→ TO DO
Every line of the entries below from the one containing "4. SERVO:2 [sub-assembly]" to the one containing "15. NUT_3MM:2 — Rigid:11, Rigid:12", both ends included, must be written out exactly. No other line belongs in the answer.

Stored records

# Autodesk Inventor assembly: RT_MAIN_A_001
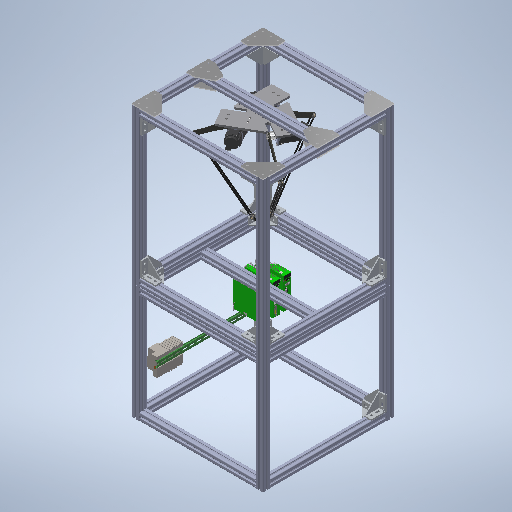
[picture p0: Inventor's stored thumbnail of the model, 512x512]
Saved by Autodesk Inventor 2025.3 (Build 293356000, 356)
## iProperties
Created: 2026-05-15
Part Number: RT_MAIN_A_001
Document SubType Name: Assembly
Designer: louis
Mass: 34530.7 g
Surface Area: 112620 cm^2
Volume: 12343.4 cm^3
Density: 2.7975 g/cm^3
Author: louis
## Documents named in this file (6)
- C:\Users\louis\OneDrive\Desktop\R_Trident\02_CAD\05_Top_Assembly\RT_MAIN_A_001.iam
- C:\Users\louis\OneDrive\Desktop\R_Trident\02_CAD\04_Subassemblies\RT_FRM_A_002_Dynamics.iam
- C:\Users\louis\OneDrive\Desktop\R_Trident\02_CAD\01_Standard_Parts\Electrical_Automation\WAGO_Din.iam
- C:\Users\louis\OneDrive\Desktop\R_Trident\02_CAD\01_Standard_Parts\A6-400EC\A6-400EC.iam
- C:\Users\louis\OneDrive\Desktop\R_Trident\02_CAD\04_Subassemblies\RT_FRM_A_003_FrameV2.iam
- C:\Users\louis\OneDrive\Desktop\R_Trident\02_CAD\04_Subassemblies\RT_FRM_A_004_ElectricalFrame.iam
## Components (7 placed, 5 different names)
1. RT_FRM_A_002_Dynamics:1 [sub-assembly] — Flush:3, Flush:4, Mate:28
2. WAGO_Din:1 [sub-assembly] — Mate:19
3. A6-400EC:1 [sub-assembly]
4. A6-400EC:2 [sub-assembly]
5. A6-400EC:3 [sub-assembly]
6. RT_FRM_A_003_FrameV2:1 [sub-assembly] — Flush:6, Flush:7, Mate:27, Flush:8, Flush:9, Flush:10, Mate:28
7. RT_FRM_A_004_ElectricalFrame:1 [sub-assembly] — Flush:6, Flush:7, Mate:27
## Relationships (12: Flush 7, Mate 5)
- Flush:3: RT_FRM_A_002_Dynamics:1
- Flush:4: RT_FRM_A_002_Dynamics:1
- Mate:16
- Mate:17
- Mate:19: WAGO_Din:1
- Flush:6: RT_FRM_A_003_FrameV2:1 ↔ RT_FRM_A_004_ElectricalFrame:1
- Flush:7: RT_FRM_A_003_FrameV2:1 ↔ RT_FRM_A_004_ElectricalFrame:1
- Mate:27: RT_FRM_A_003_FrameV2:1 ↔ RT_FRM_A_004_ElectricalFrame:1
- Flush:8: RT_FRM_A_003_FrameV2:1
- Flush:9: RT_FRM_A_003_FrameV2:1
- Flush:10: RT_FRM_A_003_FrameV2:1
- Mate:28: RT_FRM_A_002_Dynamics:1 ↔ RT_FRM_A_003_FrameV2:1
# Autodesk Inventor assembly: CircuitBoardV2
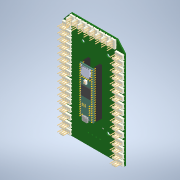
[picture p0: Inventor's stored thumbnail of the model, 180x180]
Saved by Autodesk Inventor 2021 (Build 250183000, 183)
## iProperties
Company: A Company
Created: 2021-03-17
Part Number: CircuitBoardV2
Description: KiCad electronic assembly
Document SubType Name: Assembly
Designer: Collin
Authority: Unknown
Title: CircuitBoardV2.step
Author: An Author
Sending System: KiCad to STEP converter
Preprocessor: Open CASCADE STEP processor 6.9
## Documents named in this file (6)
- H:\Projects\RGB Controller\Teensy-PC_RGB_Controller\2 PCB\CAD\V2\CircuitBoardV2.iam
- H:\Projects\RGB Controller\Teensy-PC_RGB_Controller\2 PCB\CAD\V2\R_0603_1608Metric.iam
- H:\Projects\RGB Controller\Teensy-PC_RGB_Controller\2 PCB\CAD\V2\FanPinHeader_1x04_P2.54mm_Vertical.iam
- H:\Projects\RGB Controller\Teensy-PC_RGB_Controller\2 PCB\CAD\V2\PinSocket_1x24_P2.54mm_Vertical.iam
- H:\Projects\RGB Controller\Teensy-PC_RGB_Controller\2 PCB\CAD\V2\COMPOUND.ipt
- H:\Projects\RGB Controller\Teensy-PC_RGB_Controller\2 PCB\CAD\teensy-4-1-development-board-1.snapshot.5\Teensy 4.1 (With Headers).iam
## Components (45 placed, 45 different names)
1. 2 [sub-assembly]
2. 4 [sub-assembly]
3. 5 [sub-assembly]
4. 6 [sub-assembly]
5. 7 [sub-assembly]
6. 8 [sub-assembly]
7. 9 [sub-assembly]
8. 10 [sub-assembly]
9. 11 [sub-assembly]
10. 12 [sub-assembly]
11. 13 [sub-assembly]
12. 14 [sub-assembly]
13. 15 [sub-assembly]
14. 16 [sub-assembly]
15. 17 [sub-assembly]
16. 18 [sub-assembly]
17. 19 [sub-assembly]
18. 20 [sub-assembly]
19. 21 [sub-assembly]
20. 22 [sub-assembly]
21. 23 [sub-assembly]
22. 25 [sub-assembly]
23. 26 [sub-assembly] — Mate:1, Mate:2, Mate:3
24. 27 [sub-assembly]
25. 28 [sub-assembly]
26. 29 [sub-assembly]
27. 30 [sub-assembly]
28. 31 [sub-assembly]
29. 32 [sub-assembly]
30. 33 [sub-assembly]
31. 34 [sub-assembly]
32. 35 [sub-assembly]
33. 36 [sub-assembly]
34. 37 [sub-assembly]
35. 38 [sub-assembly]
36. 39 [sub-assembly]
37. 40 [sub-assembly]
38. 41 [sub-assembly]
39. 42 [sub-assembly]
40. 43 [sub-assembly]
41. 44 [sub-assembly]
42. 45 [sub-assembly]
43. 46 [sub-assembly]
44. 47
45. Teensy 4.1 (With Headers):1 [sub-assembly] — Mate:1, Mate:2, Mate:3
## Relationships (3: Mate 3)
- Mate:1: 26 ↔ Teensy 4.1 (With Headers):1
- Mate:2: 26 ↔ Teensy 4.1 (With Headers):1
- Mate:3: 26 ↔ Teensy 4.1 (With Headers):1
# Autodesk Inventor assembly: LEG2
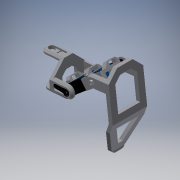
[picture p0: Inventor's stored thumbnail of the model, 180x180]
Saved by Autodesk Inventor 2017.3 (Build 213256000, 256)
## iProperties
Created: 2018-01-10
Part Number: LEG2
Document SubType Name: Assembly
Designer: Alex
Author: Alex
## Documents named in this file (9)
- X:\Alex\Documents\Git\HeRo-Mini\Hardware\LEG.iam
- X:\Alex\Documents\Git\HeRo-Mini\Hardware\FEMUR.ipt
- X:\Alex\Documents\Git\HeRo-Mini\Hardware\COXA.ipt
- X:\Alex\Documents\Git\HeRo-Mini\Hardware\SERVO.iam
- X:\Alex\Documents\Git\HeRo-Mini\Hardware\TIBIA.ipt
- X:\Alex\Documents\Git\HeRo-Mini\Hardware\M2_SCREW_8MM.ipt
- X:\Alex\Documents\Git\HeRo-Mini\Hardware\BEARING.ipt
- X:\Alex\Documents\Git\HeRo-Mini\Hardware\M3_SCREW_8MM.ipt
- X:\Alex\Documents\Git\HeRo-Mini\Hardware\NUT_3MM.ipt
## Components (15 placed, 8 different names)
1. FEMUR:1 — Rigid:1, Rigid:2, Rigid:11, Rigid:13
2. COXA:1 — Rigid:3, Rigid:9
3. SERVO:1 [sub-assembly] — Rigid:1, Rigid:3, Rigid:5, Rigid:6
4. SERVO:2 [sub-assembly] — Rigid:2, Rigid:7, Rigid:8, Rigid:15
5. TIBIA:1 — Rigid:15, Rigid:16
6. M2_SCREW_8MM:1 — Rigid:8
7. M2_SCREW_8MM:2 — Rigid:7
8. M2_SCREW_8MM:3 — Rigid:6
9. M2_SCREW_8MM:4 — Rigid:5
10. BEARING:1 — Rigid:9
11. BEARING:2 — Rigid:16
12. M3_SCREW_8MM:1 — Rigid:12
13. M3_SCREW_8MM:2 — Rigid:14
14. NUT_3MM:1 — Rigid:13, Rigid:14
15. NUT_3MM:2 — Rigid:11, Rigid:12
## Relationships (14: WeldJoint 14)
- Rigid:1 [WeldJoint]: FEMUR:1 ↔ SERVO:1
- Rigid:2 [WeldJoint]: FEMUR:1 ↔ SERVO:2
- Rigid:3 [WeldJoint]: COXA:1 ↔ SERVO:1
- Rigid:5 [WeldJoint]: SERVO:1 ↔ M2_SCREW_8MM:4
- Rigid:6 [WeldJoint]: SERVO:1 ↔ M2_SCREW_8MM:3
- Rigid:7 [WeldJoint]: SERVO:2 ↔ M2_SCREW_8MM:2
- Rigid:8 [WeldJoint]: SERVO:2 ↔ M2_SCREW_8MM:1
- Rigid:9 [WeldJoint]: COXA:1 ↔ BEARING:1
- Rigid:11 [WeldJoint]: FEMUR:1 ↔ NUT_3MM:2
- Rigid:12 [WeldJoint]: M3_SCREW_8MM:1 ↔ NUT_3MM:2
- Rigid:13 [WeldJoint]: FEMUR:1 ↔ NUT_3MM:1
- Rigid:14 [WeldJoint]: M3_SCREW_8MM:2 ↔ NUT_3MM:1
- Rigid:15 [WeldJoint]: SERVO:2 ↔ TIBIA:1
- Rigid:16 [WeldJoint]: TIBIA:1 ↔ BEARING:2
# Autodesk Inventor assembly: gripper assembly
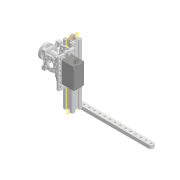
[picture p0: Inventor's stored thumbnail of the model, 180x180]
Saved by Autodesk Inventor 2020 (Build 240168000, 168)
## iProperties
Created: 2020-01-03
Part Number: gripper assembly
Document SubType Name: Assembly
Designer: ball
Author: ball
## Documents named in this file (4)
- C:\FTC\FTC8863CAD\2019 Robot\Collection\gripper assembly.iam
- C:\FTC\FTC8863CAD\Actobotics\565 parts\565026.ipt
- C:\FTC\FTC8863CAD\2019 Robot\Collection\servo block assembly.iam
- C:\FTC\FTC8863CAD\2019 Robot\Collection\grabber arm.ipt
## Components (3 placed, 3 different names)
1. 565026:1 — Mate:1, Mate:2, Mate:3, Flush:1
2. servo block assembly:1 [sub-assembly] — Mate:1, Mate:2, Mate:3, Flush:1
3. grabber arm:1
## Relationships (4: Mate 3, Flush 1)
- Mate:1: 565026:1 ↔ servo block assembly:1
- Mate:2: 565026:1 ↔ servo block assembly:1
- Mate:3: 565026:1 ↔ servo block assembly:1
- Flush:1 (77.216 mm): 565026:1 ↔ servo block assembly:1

→ YOUR SOLUTION
4. SERVO:2 [sub-assembly] — Rigid:2, Rigid:7, Rigid:8, Rigid:15
5. TIBIA:1 — Rigid:15, Rigid:16
6. M2_SCREW_8MM:1 — Rigid:8
7. M2_SCREW_8MM:2 — Rigid:7
8. M2_SCREW_8MM:3 — Rigid:6
9. M2_SCREW_8MM:4 — Rigid:5
10. BEARING:1 — Rigid:9
11. BEARING:2 — Rigid:16
12. M3_SCREW_8MM:1 — Rigid:12
13. M3_SCREW_8MM:2 — Rigid:14
14. NUT_3MM:1 — Rigid:13, Rigid:14
15. NUT_3MM:2 — Rigid:11, Rigid:12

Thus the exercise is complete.